In general, the main thing is whether this is a one-time task. If you load such a volume, say, every couple of days, then, of course, you need to use multiprocessing and set up a normal pipeline with automation and logs.
If we are talking about a one-time custom processing within the framework of R&D, then do not worry, do it as simple as possible.
Write to CSV. Break the volume with a simple slice into several pieces and stupidly start with separate scripts. This will save you time for debugging multiprocessing, no need to block queues, tasks and other things.
Questions about your code:

for row in range(1):
            ws.append(list(sheetname_set))

Why is there a cycle?
Why don't you use pathlib? The code will become more reliable and concise.

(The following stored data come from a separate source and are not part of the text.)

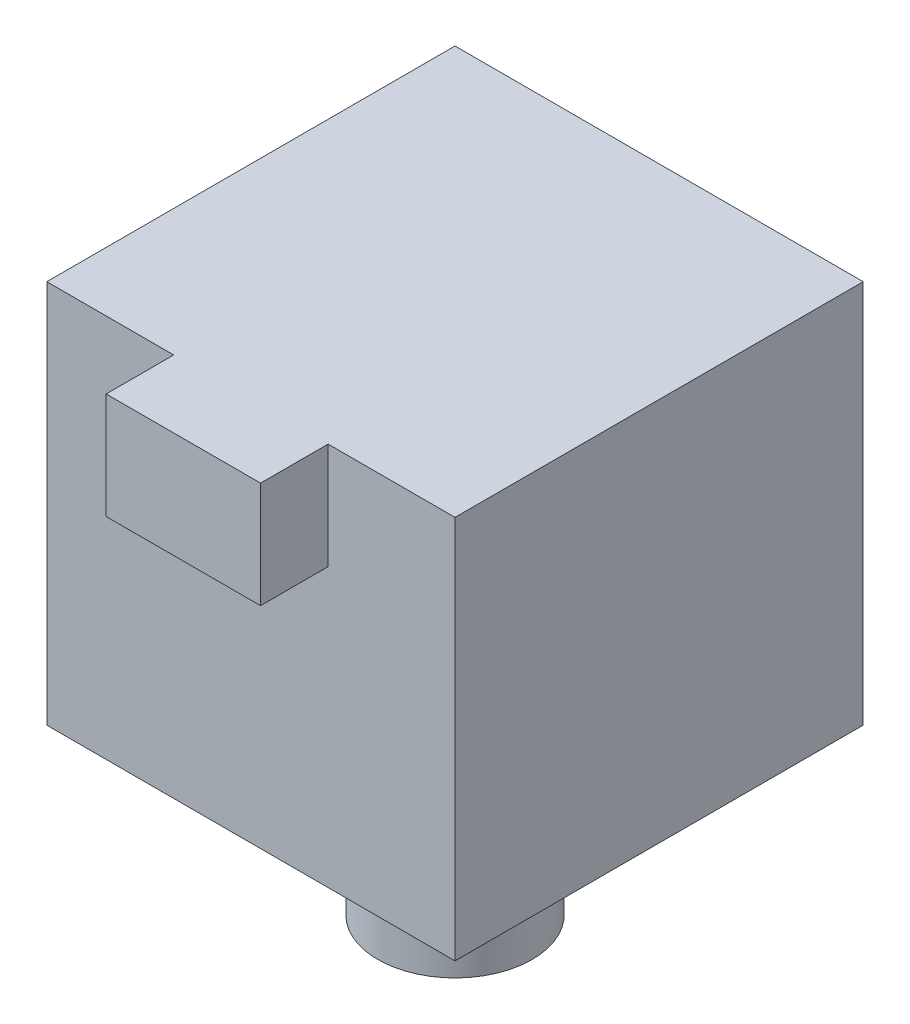
ISO-10303-21;
HEADER;
FILE_DESCRIPTION(('STEP AP214'),'2;1');
FILE_NAME('part.step','',(''),(''),'','','');
FILE_SCHEMA(('AUTOMOTIVE_DESIGN { 1 0 10303 214 1 1 1 1 }'));
ENDSEC;
DATA;
#1=APPLICATION_CONTEXT('core data for automotive mechanical design processes');
#2=APPLICATION_PROTOCOL_DEFINITION('international standard','automotive_design',2000,#1);
#3=PRODUCT_CONTEXT('',#1,'mechanical');
#4=PRODUCT('Part','Part','',(#3));
#5=PRODUCT_RELATED_PRODUCT_CATEGORY('part','',(#4));
#6=PRODUCT_DEFINITION_FORMATION('','',#4);
#7=PRODUCT_DEFINITION_CONTEXT('part definition',#1,'design');
#8=PRODUCT_DEFINITION('design','',#6,#7);
#9=PRODUCT_DEFINITION_SHAPE('','',#8);
#10=(LENGTH_UNIT() NAMED_UNIT(*) SI_UNIT(.MILLI.,.METRE.));
#11=(NAMED_UNIT(*) PLANE_ANGLE_UNIT() SI_UNIT($,.RADIAN.));
#12=(NAMED_UNIT(*) SI_UNIT($,.STERADIAN.) SOLID_ANGLE_UNIT());
#13=UNCERTAINTY_MEASURE_WITH_UNIT(LENGTH_MEASURE(1.E-05),#10,'distance_accuracy_value','');
#14=(GEOMETRIC_REPRESENTATION_CONTEXT(3) GLOBAL_UNCERTAINTY_ASSIGNED_CONTEXT((#13)) GLOBAL_UNIT_ASSIGNED_CONTEXT((#10,
#11,#12)) REPRESENTATION_CONTEXT('',''));
#15=CARTESIAN_POINT('',(0.,0.,0.));
#16=DIRECTION('',(0.,0.,1.));
#17=DIRECTION('',(1.,0.,0.));
#18=AXIS2_PLACEMENT_3D('',#15,#16,#17);
#19=CARTESIAN_POINT('',(0.,-17.032,0.));
#20=DIRECTION('',(0.,1.,0.));
#21=DIRECTION('',(0.,0.,1.));
#22=AXIS2_PLACEMENT_3D('',#19,#20,#21);
#23=CYLINDRICAL_SURFACE('',#22,2.5);
#24=CARTESIAN_POINT('',(0.,-2.032,0.));
#25=DIRECTION('',(0.,-1.,0.));
#26=DIRECTION('',(0.,0.,-1.));
#27=AXIS2_PLACEMENT_3D('',#24,#25,#26);
#28=CIRCLE('',#27,2.5);
#29=CARTESIAN_POINT('',(0.,-2.032,-2.5));
#30=VERTEX_POINT('',#29);
#31=EDGE_CURVE('E163',#30,#30,#28,.T.);
#32=ORIENTED_EDGE('',*,*,#31,.T.);
#33=EDGE_LOOP('',(#32));
#34=FACE_BOUND('',#33,.T.);
#35=CARTESIAN_POINT('',(0.,-6.032,0.));
#36=DIRECTION('',(0.,-1.,0.));
#37=DIRECTION('',(0.,0.,-1.));
#38=AXIS2_PLACEMENT_3D('',#35,#36,#37);
#39=CIRCLE('',#38,2.5);
#40=CARTESIAN_POINT('',(0.,-6.032,-2.5));
#41=VERTEX_POINT('',#40);
#42=EDGE_CURVE('E43',#41,#41,#39,.T.);
#43=ORIENTED_EDGE('',*,*,#42,.F.);
#44=EDGE_LOOP('',(#43));
#45=FACE_BOUND('',#44,.T.);
#46=ADVANCED_FACE('F39',(#34,#45),#23,.T.);
#47=CARTESIAN_POINT('',(-21.15,39.8,21.15));
#48=DIRECTION('',(0.,0.,-1.));
#49=DIRECTION('',(-1.,0.,0.));
#50=AXIS2_PLACEMENT_3D('',#47,#48,#49);
#51=PLANE('',#50);
#52=DIRECTION('',(0.,1.,0.));
#53=VECTOR('',#52,1.);
#54=CARTESIAN_POINT('',(8.,39.8,21.15));
#55=LINE('',#54,#53);
#56=CARTESIAN_POINT('',(8.00000000000003,28.8,21.15));
#57=VERTEX_POINT('',#56);
#58=CARTESIAN_POINT('',(8.00000000000001,39.8,21.15));
#59=VERTEX_POINT('',#58);
#60=EDGE_CURVE('E55',#57,#59,#55,.T.);
#61=ORIENTED_EDGE('',*,*,#60,.F.);
#62=DIRECTION('',(1.,0.,0.));
#63=VECTOR('',#62,1.);
#64=CARTESIAN_POINT('',(-7.99999999999997,28.8,21.15));
#65=LINE('',#64,#63);
#66=CARTESIAN_POINT('',(-7.99999999999997,28.8,21.15));
#67=VERTEX_POINT('',#66);
#68=EDGE_CURVE('E124',#67,#57,#65,.T.);
#69=ORIENTED_EDGE('',*,*,#68,.F.);
#70=DIRECTION('',(0.,-1.,0.));
#71=VECTOR('',#70,1.);
#72=CARTESIAN_POINT('',(-8.,39.8,21.15));
#73=LINE('',#72,#71);
#74=CARTESIAN_POINT('',(-7.99999999999999,39.8,21.15));
#75=VERTEX_POINT('',#74);
#76=EDGE_CURVE('E208',#75,#67,#73,.T.);
#77=ORIENTED_EDGE('',*,*,#76,.F.);
#78=DIRECTION('',(1.,0.,0.));
#79=VECTOR('',#78,1.);
#80=CARTESIAN_POINT('',(-21.15,39.8,21.15));
#81=LINE('',#80,#79);
#82=CARTESIAN_POINT('',(-21.15,39.8,21.15));
#83=VERTEX_POINT('',#82);
#84=EDGE_CURVE('E172',#83,#75,#81,.T.);
#85=ORIENTED_EDGE('',*,*,#84,.F.);
#86=DIRECTION('',(0.,-1.,0.));
#87=VECTOR('',#86,1.);
#88=CARTESIAN_POINT('',(-21.15,39.8,21.15));
#89=LINE('',#88,#87);
#90=CARTESIAN_POINT('',(-21.15,0.,21.15));
#91=VERTEX_POINT('',#90);
#92=EDGE_CURVE('E184',#83,#91,#89,.T.);
#93=ORIENTED_EDGE('',*,*,#92,.T.);
#94=DIRECTION('',(1.,0.,0.));
#95=VECTOR('',#94,1.);
#96=CARTESIAN_POINT('',(-21.15,0.,21.15));
#97=LINE('',#96,#95);
#98=CARTESIAN_POINT('',(21.15,0.,21.15));
#99=VERTEX_POINT('',#98);
#100=EDGE_CURVE('E168',#91,#99,#97,.T.);
#101=ORIENTED_EDGE('',*,*,#100,.T.);
#102=DIRECTION('',(0.,-1.,0.));
#103=VECTOR('',#102,1.);
#104=CARTESIAN_POINT('',(21.15,39.8,21.15));
#105=LINE('',#104,#103);
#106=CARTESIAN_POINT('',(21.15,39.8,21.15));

Why didn't you add statistics or just logging the running time of different stages of your script? It is necessary to optimize starting from the bottle neck. After the first bottle, the task may not seem so urgent.
If we are talking about R&D and you don’t know what you will do with the data, then objectively useful things can be pulled out and saved into a kind of meta-files for subsequent quick processing. This is beneficial if the bottleneck is stuck in Excel. Pull out in one pass everything that can be useful in sqlite, or at least simple json files, one for each document.